On the other hand, there exists the problem of semantic (abstraction analysis) which the standard PM methods tends to lack. For this purpose, this paper has shown that a combination of the PM methods with semantic technologies is beneficial and to a great extent effective in extracting models capable of producing newly and/or previously undiscovered information that allows for abstract analysis and interpretation of the processes. To do this, this paper introduced a framework (SPMaAF) that integrates the main components that motivates the semantic process mining methods (i.e. annotated event logs/models, ontologies and semantic reasoners). Clearly, the SPM-based method is aimed at discovering and enhancement of the set(s) of behaviours (or patterns) that can be found within the different process domains. In addition, this paper also study the current methods, applications and development within the context of process mining and semantic technologies.

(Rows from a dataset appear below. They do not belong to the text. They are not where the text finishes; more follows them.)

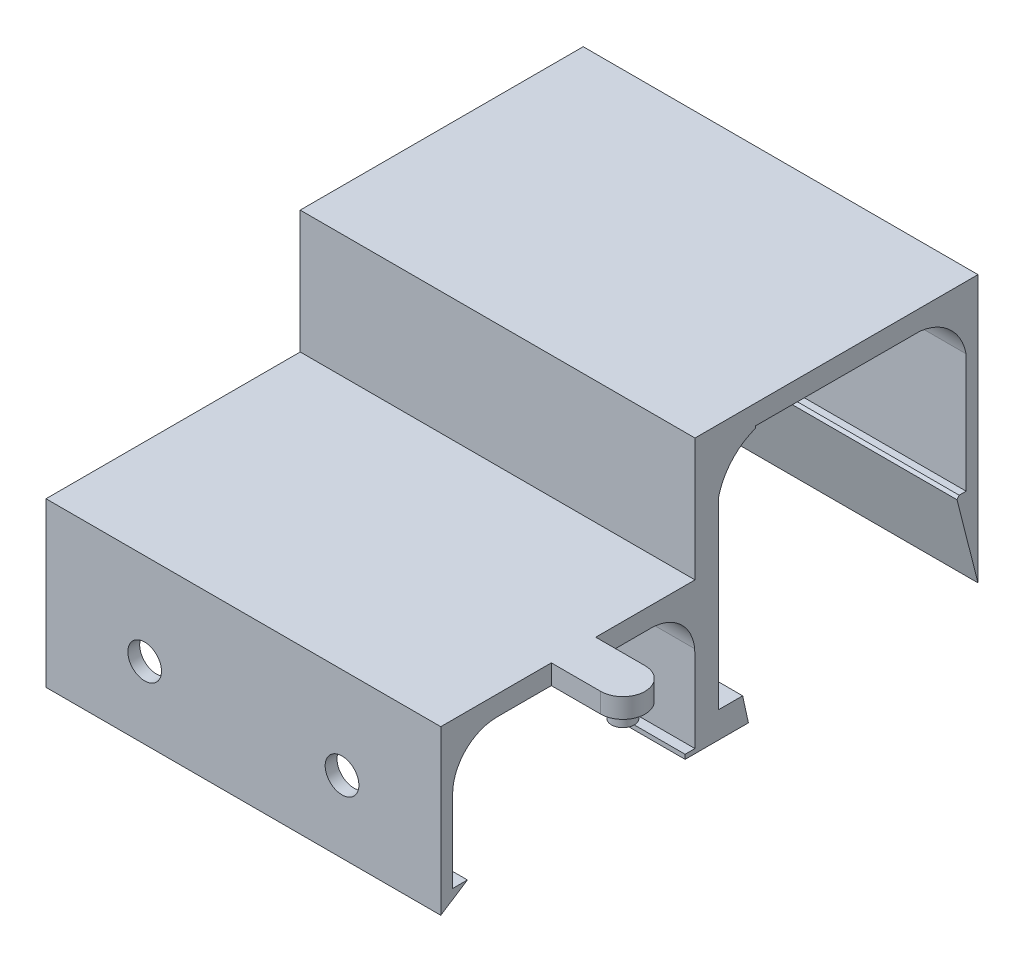
SolidWorks part; units mm, degrees
ref_plane "Front Plane" through (0, 0, 0) normal (0, 0, 1) x (1, 0, 0)
ref_plane "Top Plane" through (0, 0, 0) normal (0, 1, 0) x (1, 0, 0)
ref_plane "Right Plane" through (0, 0, 0) normal (1, 0, 0) x (0, 0, -1)
sketch "Sketch1" plane through (0, 0, 0) normal (1, 0, 0) x (0, 0, -1)
  line L0 (-187.4725, -316.8156) -> (-187.4725, -325.1157)
  line L5 (-187.4725, -325.1157) -> (-185.9725, -325.1157)
  line L7 (-185.9725, -325.1157) -> (-188.6725, -326.869)
  line L8 (-188.6725, -326.869) -> (-188.6725, -312.3156)
  line L9 (-188.6725, -310.3156) -> (-162.9159, -310.3156)
  line L10 (-188.6725, -310.3156) -> (-188.6725, -312.3156)
  line L11 (-162.9159, -325.5656) -> (-157.5031, -325.5656)
  line L12 (-162.9159, -325.1157) -> (-163.9159, -325.1157)
  line L13 (-182.9725, -312.3156) -> (-167.4159, -312.3156)
  line L14 (-163.9159, -325.1157) -> (-163.9159, -325.5656)
  line L16 (-163.9159, -325.5656) -> (-162.9159, -325.5656)
  line L17 (-157.5031, -325.5656) -> (-158.0849, -322.9014)
  line L18 (-158.0849, -322.9014) -> (-160.5558, -322.9014)
  line L19 (-160.5558, -322.9014) -> (-160.5558, -304.3701)
  line L20 (-162.9159, -310.3156) -> (-162.9159, -297.8657)
  line L21 (-162.9159, -297.8657) -> (-134.2405, -297.8657)
  line L22 (-134.2405, -297.8657) -> (-134.2405, -324.9156)
  line L23 (-134.2405, -324.9156) -> (-136.3676, -316.5568)
  line L24 (-136.3676, -316.5568) -> (-136.1447, -316.2701)
  line L25 (-136.1447, -316.2701) -> (-135.4405, -316.2701)
  line L26 (-135.4405, -316.2701) -> (-135.4405, -304.2217)
  line L27 (-156.7631, -300.0668) -> (-156.7631, -299.8657)
  line L28 (-156.7631, -299.8657) -> (-140.0814, -299.8931)
  line L29 (-162.9406, -316.3453) -> (-162.9159, -325.1157)
  arc A0 (-187.4725, -316.8156) -> (-182.9725, -312.3156) centre (-182.9725, -316.8156) cw
  arc A1 (-140.0814, -299.8931) -> (-135.4405, -304.2217) centre (-140.7448, -305.2565) cw
  arc A2 (-160.5558, -304.3701) -> (-156.7631, -300.0668) centre (-154.7245, -305.6865) cw
  arc A3 (-167.4159, -312.3156) -> (-162.9406, -316.3453) centre (-167.4159, -316.8157) cw
  point P3 (0, 0)
  point P8 (0, 0)
  point P9 (0, 0)
  point P35 (0, 0)
  point P36 (0, 0)
  point P37 (0, 0)
  point P38 (0, 0)
  point P39 (0, 0)
  point P40 (0, 0)
  point P41 (0, 0)
  point P42 (0, 0)
  point P43 (0, 0)
  point P44 (0, 0)
  point P45 (0, 0)
  point P46 (0, 0)
  point P47 (0, 0)
  point P48 (0, 0)
  point P49 (0, 0)
  point P50 (0, 0)
  point P51 (0, 0)
  point P52 (0, 0)
  point P53 (0, 0)
  point P54 (0, 0)
  point P55 (0, 0)
  point P56 (0, 0)
  point P57 (0, 0)
  point P58 (0, 0)
extrude "Boss-Extrude1" add sketch "Sketch1" along normal blind 20 and the other way blind 20
sketch "Sketch2" plane through (0, -310.3156, 0) normal (0, 1, 0) x (1, 0, 0)
  line L1 (20, -172.9725) -> (25, -172.9725)
  line L2 (20, -172.9725) -> (20, -177.4725)
  line L3 (20, -177.4725) -> (25, -177.4725)
  arc A0 (25, -172.9725) -> (25, -177.4725) centre (25, -175.2225) cw
  point P7 (0, 0)
  point P8 (0, 0)
extrude "Boss-Extrude2" add sketch "Sketch2" against normal blind 2
sketch "Sketch3" plane through (0, -312.3156, 0) normal (0, -1, 0) x (1, 0, 0)
  circle A0 centre (25, 175.2225) radius 1.15
extrude "Boss-Extrude3" add sketch "Sketch3" along normal blind 1.5
sketch "Sketch4" plane through (0, 0, 134.2405) normal (0, 0, -1) x (-1, 0, 0)
  line L0 (20, -324.9156) -> (20, -297.8657) construction
  circle A0 centre (0, -310.0156) radius 4.175
  point P9 (-59.0441, -288.3072)
  dimension "D1" = 20
extrude "Cut-Extrude2" cut sketch "Sketch4" against normal blind 2
sketch "Sketch5" plane through (0, 0, 188.6725) normal (0, 0, 1) x (1, 0, 0)
  circle A0 centre (-10.0037, -319.5977) radius 1.7052
  circle A1 centre (9.9933, -319.6) radius 1.7075
  dimension "D3" = 19.997
extrude "Cut-Extrude4" cut sketch "Sketch5" against normal blind 2

Finally, the paper concludes with the supposition that a system which is formally encoded with semantic labelling (annotation), semantic representations (ontologies) and semantic reasoning (reasoner) has the capacity to lift the PM results and analysis from the syntactic to a more conceptual level.
Future works can adopt the proposed SPMaAF method to analyze data extracts from any given process domain or interests. This may also include refinement of the semantic-based fuzzy mining and reasoning method that has already been developed in this paper. For instance, further extensions may uncover a different approach towards integration of the ontology-based schemas or reasoning capabilities that have been defined in this study. Moreover, this is owing to the fact the semantic-based process mining (SPM) is a new field within the broader context of the PM, and there are not too many algorithms/tools that support the method in the current literature.